Someone else is a good example. (I/O system vs. supermarket queuing)

For example, how do we decide which checkout to go to when we queue up in the supermarket? The first is the number of teams to see the platoon, 5 people than 20 people faster? In addition to the number of heads, we also often look at the front of the person to buy things, if there is a purchase for a week of food aunt, then you can consider changing the line. There is the speed of the cashier, if the money is not clear to the novice, it will have to wait. In addition, timing is important, maybe 5 Minutes ago also crowded the checkout desk, now is empty, this time payment is very cool Ah, of course, the premise is that the past 5 minutes to do things than queued to make sense (but I have not found anything more boring than queuing).

I/O systems also have many similarities with supermarket queues:

r/s+w/s similar to the total number of people who have been
Average Queue Length (AVGQU-SZ) is similar to the number of average queueing people in a unit time
Average service time (SVCTM) is similar to the cashier's payment speed
Average wait time (await) is similar to the average wait time per person
Average I/O data (AVGRQ-SZ) is similar to the average number of things each person buys
The I/O operation rate (%util) is similar to the time scale at which a person is queued at the cashier.

We can analyze the mode of I/O requests based on these data, and the speed and response time of I/O.

Reference documents:

    1. Linux Mans Iostat
    2. How Linux Iostat computes its results
    3. Linux Iostat

Source:

http://www.orczhou.com/index.php/2010/03/iostat-detail/

Http://www.php-oa.com/2009/02/03/iostat.html

Linux IO Performance monitoring tool Iostat detailed

Contact Us

The content source of this page is from Internet, which doesn't represent Alibaba Cloud's opinion; products and services mentioned on that page don't have any relationship with Alibaba Cloud.
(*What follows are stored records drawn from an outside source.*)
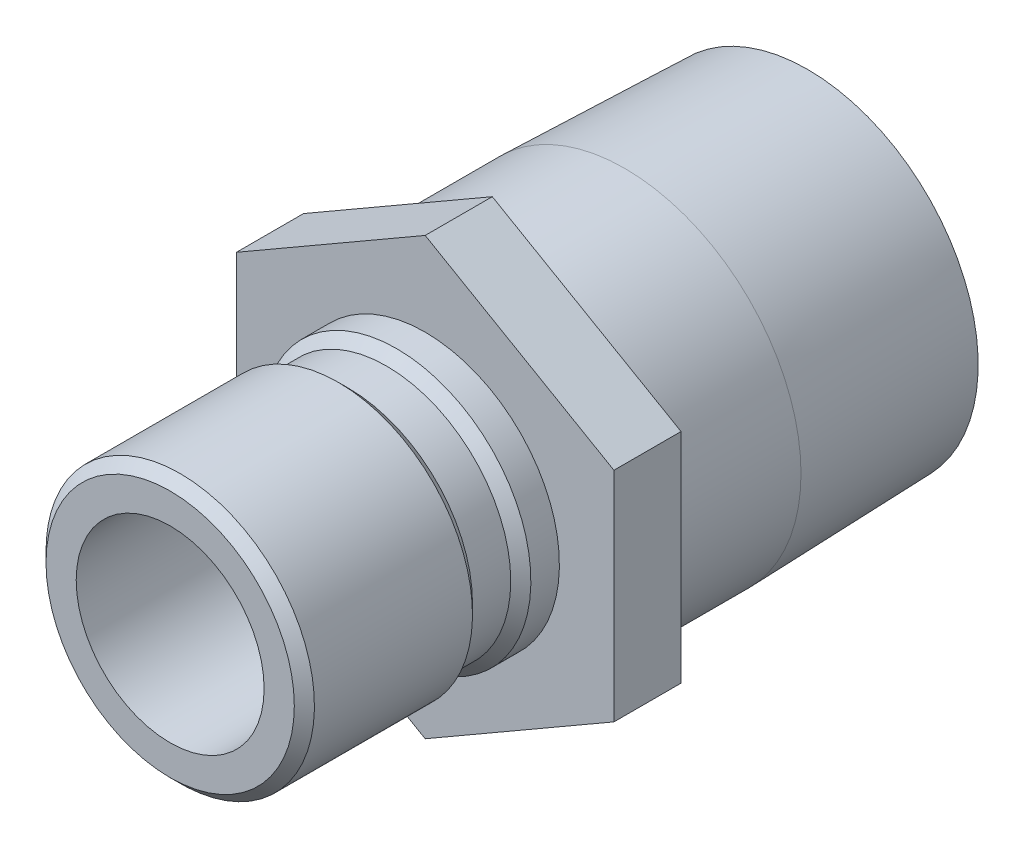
ISO-10303-21;
HEADER;
FILE_DESCRIPTION(('STEP AP214'),'2;1');
FILE_NAME('part.step','',(''),(''),'','','');
FILE_SCHEMA(('AUTOMOTIVE_DESIGN { 1 0 10303 214 1 1 1 1 }'));
ENDSEC;
DATA;
#1=APPLICATION_CONTEXT('core data for automotive mechanical design processes');
#2=APPLICATION_PROTOCOL_DEFINITION('international standard','automotive_design',2000,#1);
#3=PRODUCT_CONTEXT('',#1,'mechanical');
#4=PRODUCT('Part','Part','',(#3));
#5=PRODUCT_RELATED_PRODUCT_CATEGORY('part','',(#4));
#6=PRODUCT_DEFINITION_FORMATION('','',#4);
#7=PRODUCT_DEFINITION_CONTEXT('part definition',#1,'design');
#8=PRODUCT_DEFINITION('design','',#6,#7);
#9=PRODUCT_DEFINITION_SHAPE('','',#8);
#10=(LENGTH_UNIT() NAMED_UNIT(*) SI_UNIT(.MILLI.,.METRE.));
#11=(NAMED_UNIT(*) PLANE_ANGLE_UNIT() SI_UNIT($,.RADIAN.));
#12=(NAMED_UNIT(*) SI_UNIT($,.STERADIAN.) SOLID_ANGLE_UNIT());
#13=UNCERTAINTY_MEASURE_WITH_UNIT(LENGTH_MEASURE(1.E-05),#10,'distance_accuracy_value','');
#14=(GEOMETRIC_REPRESENTATION_CONTEXT(3) GLOBAL_UNCERTAINTY_ASSIGNED_CONTEXT((#13)) GLOBAL_UNIT_ASSIGNED_CONTEXT((#10,
#11,#12)) REPRESENTATION_CONTEXT('',''));
#15=CARTESIAN_POINT('',(0.,0.,0.));
#16=DIRECTION('',(0.,0.,1.));
#17=DIRECTION('',(1.,0.,0.));
#18=AXIS2_PLACEMENT_3D('',#15,#16,#17);
#19=CARTESIAN_POINT('',(0.,0.,0.));
#20=DIRECTION('',(0.,0.,-1.));
#21=DIRECTION('',(0.,1.,0.));
#22=AXIS2_PLACEMENT_3D('',#19,#20,#21);
#23=CYLINDRICAL_SURFACE('',#22,13.335);
#24=CARTESIAN_POINT('',(0.,0.,-15.113));
#25=DIRECTION('',(0.,0.,-1.));
#26=DIRECTION('',(0.,1.,0.));
#27=AXIS2_PLACEMENT_3D('',#24,#25,#26);
#28=CIRCLE('',#27,13.335);
#29=CARTESIAN_POINT('',(0.,13.335,-15.113));
#30=VERTEX_POINT('',#29);
#31=EDGE_CURVE('E42',#30,#30,#28,.T.);
#32=ORIENTED_EDGE('',*,*,#31,.F.);
#33=EDGE_LOOP('',(#32));
#34=FACE_BOUND('',#33,.T.);
#35=CARTESIAN_POINT('',(0.,0.,-5.08));
#36=DIRECTION('',(0.,0.,1.));
#37=DIRECTION('',(1.,0.,0.));
#38=AXIS2_PLACEMENT_3D('',#35,#36,#37);
#39=CIRCLE('',#38,13.335);
#40=CARTESIAN_POINT('',(13.335,0.,-5.08));
#41=VERTEX_POINT('',#40);
#42=EDGE_CURVE('E138',#41,#41,#39,.F.);
#43=ORIENTED_EDGE('',*,*,#42,.T.);
#44=EDGE_LOOP('',(#43));
#45=FACE_BOUND('',#44,.T.);
#46=ADVANCED_FACE('F33',(#34,#45),#23,.T.);
#47=CARTESIAN_POINT('',(0.,12.9024088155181,-28.956));
#48=DIRECTION('',(0.,0.,-1.));
#49=DIRECTION('',(0.,1.,0.));
#50=AXIS2_PLACEMENT_3D('',#47,#48,#49);
#51=PLANE('',#50);
#52=CARTESIAN_POINT('',(0.,0.,-28.956));
#53=DIRECTION('',(0.,0.,-1.));
#54=DIRECTION('',(0.,1.,0.));
#55=AXIS2_PLACEMENT_3D('',#52,#53,#54);
#56=CIRCLE('',#55,12.9024088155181);
#57=CARTESIAN_POINT('',(0.,12.9024088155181,-28.956));
#58=VERTEX_POINT('',#57);
#59=EDGE_CURVE('E12',#58,#58,#56,.T.);
#60=ORIENTED_EDGE('',*,*,#59,.T.);
#61=EDGE_LOOP('',(#60));
#62=FACE_BOUND('',#61,.T.);
#63=CARTESIAN_POINT('',(0.,0.,-28.956));
#64=DIRECTION('',(0.,0.,-1.));
#65=DIRECTION('',(0.,1.,0.));
#66=AXIS2_PLACEMENT_3D('',#63,#64,#65);
#67=CIRCLE('',#66,10.4648);
#68=CARTESIAN_POINT('',(0.,10.4648,-28.956));
#69=VERTEX_POINT('',#68);
#70=EDGE_CURVE('E146',#69,#69,#67,.T.);
#71=ORIENTED_EDGE('',*,*,#70,.F.);
#72=EDGE_LOOP('',(#71));
#73=FACE_BOUND('',#72,.T.);
#74=ADVANCED_FACE('F35',(#62,#73),#51,.T.);
#75=CARTESIAN_POINT('',(0.,0.,-28.956));
#76=DIRECTION('',(0.,0.,1.));
#77=DIRECTION('',(0.,-1.,0.));
#78=AXIS2_PLACEMENT_3D('',#75,#76,#77);
#79=CONICAL_SURFACE('',#78,12.9024088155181,0.0312396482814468);
#80=ORIENTED_EDGE('',*,*,#31,.T.);
#81=EDGE_LOOP('',(#80));
#82=FACE_BOUND('',#81,.T.);
#83=ORIENTED_EDGE('',*,*,#59,.F.);
#84=EDGE_LOOP('',(#83));
#85=FACE_BOUND('',#84,.T.);
#86=ADVANCED_FACE('F181',(#82,#85),#79,.T.);
#87=CARTESIAN_POINT('',(0.,10.16,0.));
#88=DIRECTION('',(0.,0.,1.));
#89=DIRECTION('',(0.,-1.,0.));
#90=AXIS2_PLACEMENT_3D('',#87,#88,#89);
#91=PLANE('',#90);
#92=CARTESIAN_POINT('',(0.,0.,0.));
#93=DIRECTION('',(0.,0.,-1.));
#94=DIRECTION('',(0.,1.,0.));
#95=AXIS2_PLACEMENT_3D('',#92,#93,#94);
#96=CIRCLE('',#95,10.16);
#97=CARTESIAN_POINT('',(0.,10.16,0.));
#98=VERTEX_POINT('',#97);
#99=EDGE_CURVE('E176',#98,#98,#96,.T.);
#100=ORIENTED_EDGE('',*,*,#99,.T.);
#101=EDGE_LOOP('',(#100));
#102=FACE_BOUND('',#101,.T.);
#103=DIRECTION('',(-0.866025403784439,-0.5,0.));
#104=VECTOR('',#103,1.);
#105=CARTESIAN_POINT('',(0.,16.4977839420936,0.));
#106=LINE('',#105,#104);
#107=CARTESIAN_POINT('',(0.,16.4977839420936,0.));
#108=VERTEX_POINT('',#107);
#109=CARTESIAN_POINT('',(-14.2875,8.24889197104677,0.));
#110=VERTEX_POINT('',#109);
#111=EDGE_CURVE('E121',#108,#110,#106,.T.);
#112=ORIENTED_EDGE('',*,*,#111,.T.);
#113=DIRECTION('',(0.,-1.,0.));
#114=VECTOR('',#113,1.);
#115=CARTESIAN_POINT('',(-14.2875,8.24889197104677,0.));
#116=LINE('',#115,#114);
#117=CARTESIAN_POINT('',(-14.2875,-8.24889197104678,0.));
#118=VERTEX_POINT('',#117);
#119=EDGE_CURVE('E124',#110,#118,#116,.T.);
#120=ORIENTED_EDGE('',*,*,#119,.T.);
#121=DIRECTION('',(0.866025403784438,-0.5,0.));
#122=VECTOR('',#121,1.);
#123=CARTESIAN_POINT('',(-14.2875,-8.24889197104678,0.));
#124=LINE('',#123,#122);
#125=CARTESIAN_POINT('',(0.,-16.4977839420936,0.));
#126=VERTEX_POINT('',#125);
#127=EDGE_CURVE('E127',#118,#126,#124,.T.);
#128=ORIENTED_EDGE('',*,*,#127,.T.);
#129=DIRECTION('',(0.866025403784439,0.5,0.));
#130=VECTOR('',#129,1.);
#131=CARTESIAN_POINT('',(0.,-16.4977839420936,0.));
#132=LINE('',#131,#130);
#133=CARTESIAN_POINT('',(14.2875,-8.24889197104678,0.));
#134=VERTEX_POINT('',#133);
#135=EDGE_CURVE('E130',#126,#134,#132,.T.);
#136=ORIENTED_EDGE('',*,*,#135,.T.);
#137=DIRECTION('',(0.,1.,0.));
#138=VECTOR('',#137,1.);
#139=CARTESIAN_POINT('',(14.2875,-8.24889197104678,0.));
#140=LINE('',#139,#138);
#141=CARTESIAN_POINT('',(14.2875,8.24889197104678,0.));
#142=VERTEX_POINT('',#141);
#143=EDGE_CURVE('E98',#134,#142,#140,.T.);
#144=ORIENTED_EDGE('',*,*,#143,.T.);
#145=DIRECTION('',(-0.866025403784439,0.5,0.));
#146=VECTOR('',#145,1.);
#147=CARTESIAN_POINT('',(14.2875,8.24889197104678,0.));
#148=LINE('',#147,#146);
#149=EDGE_CURVE('E133',#142,#108,#148,.T.);
#150=ORIENTED_EDGE('',*,*,#149,.T.);
#151=EDGE_LOOP('',(#112,#120,#128,#136,#144,#150));
#152=FACE_BOUND('',#151,.T.);
#153=ADVANCED_FACE('F250',(#102,#152),#91,.T.);
#154=CARTESIAN_POINT('',(0.,0.,0.));
#155=DIRECTION('',(0.,0.,-1.));
#156=DIRECTION('',(0.,1.,0.));
#157=AXIS2_PLACEMENT_3D('',#154,#155,#156);
#158=CYLINDRICAL_SURFACE('',#157,10.16);
#159=CARTESIAN_POINT('',(0.,0.,2.159));
#160=DIRECTION('',(0.,0.,-1.));
#161=DIRECTION('',(0.,1.,0.));
#162=AXIS2_PLACEMENT_3D('',#159,#160,#161);
#163=CIRCLE('',#162,10.16);
#164=CARTESIAN_POINT('',(0.,10.16,2.159));
#165=VERTEX_POINT('',#164);
#166=EDGE_CURVE('E173',#165,#165,#163,.T.);
#167=ORIENTED_EDGE('',*,*,#166,.T.);
#168=EDGE_LOOP('',(#167));
#169=FACE_BOUND('',#168,.T.);
#170=ORIENTED_EDGE('',*,*,#99,.F.);
#171=EDGE_LOOP('',(#170));
#172=FACE_BOUND('',#171,.T.);
#173=ADVANCED_FACE('F246',(#169,#172),#158,.T.);
#174=CARTESIAN_POINT('',(0.,0.,2.159));
#175=DIRECTION('',(0.,0.,-1.));
#176=DIRECTION('',(0.,1.,0.));
#177=AXIS2_PLACEMENT_3D('',#174,#175,#176);
#178=CONICAL_SURFACE('',#177,10.16,0.785398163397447);
#179=CARTESIAN_POINT('',(0.,0.,2.921));
#180=DIRECTION('',(0.,0.,-1.));
#181=DIRECTION('',(0.,1.,0.));
#182=AXIS2_PLACEMENT_3D('',#179,#180,#181);
#183=CIRCLE('',#182,9.398);
#184=CARTESIAN_POINT('',(0.,9.398,2.921));
#185=VERTEX_POINT('',#184);
#186=EDGE_CURVE('E170',#185,#185,#183,.T.);
#187=ORIENTED_EDGE('',*,*,#186,.T.);
#188=EDGE_LOOP('',(#187));
#189=FACE_BOUND('',#188,.T.);
#190=ORIENTED_EDGE('',*,*,#166,.F.);
#191=EDGE_LOOP('',(#190));
#192=FACE_BOUND('',#191,.T.);
#193=ADVANCED_FACE('F242',(#189,#192),#178,.T.);
#194=CARTESIAN_POINT('',(0.,0.,0.));
#195=DIRECTION('',(0.,0.,-1.));
#196=DIRECTION('',(0.,1.,0.));
#197=AXIS2_PLACEMENT_3D('',#194,#195,#196);
#198=CYLINDRICAL_SURFACE('',#197,9.398);
#199=CARTESIAN_POINT('',(0.,0.,5.8166));
#200=DIRECTION('',(0.,0.,-1.));
#201=DIRECTION('',(0.,1.,0.));
#202=AXIS2_PLACEMENT_3D('',#199,#200,#201);
#203=CIRCLE('',#202,9.398);
#204=CARTESIAN_POINT('',(0.,9.398,5.8166));
#205=VERTEX_POINT('',#204);
#206=EDGE_CURVE('E167',#205,#205,#203,.T.);
#207=ORIENTED_EDGE('',*,*,#206,.T.);
#208=EDGE_LOOP('',(#207));
#209=FACE_BOUND('',#208,.T.);
#210=ORIENTED_EDGE('',*,*,#186,.F.);
#211=EDGE_LOOP('',(#210));
#212=FACE_BOUND('',#211,.T.);
#213=ADVANCED_FACE('F238',(#209,#212),#198,.T.);
#214=CARTESIAN_POINT('',(0.,0.,5.8166));
#215=DIRECTION('',(0.,0.,1.));
#216=DIRECTION('',(0.,-1.,0.));
#217=AXIS2_PLACEMENT_3D('',#214,#215,#216);
#218=CONICAL_SURFACE('',#217,9.398,0.785398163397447);
#219=CARTESIAN_POINT('',(0.,0.,6.5786));
#220=DIRECTION('',(0.,0.,-1.));
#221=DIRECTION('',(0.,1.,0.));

If the content of the page makes you feel confusing, please write us an email, we will handle the problem within 5 days after receiving your email.

If you find any instances of plagiarism from the community, please send an email to: info-contact@alibabacloud.com and provide relevant evidence. A staff member will contact you within 5 working days.

A Free Trial That Lets You Build Big!

Start building with 50+ products and up to 12 months usage for Elastic Compute Service

  • Sales Support

    1 on 1 presale consultation

  • After-Sales Support

    24/7 Technical Support 6 Free Tickets per Quarter Faster Response

  • Alibaba Cloud offers highly flexible support services tailored to meet your exact needs.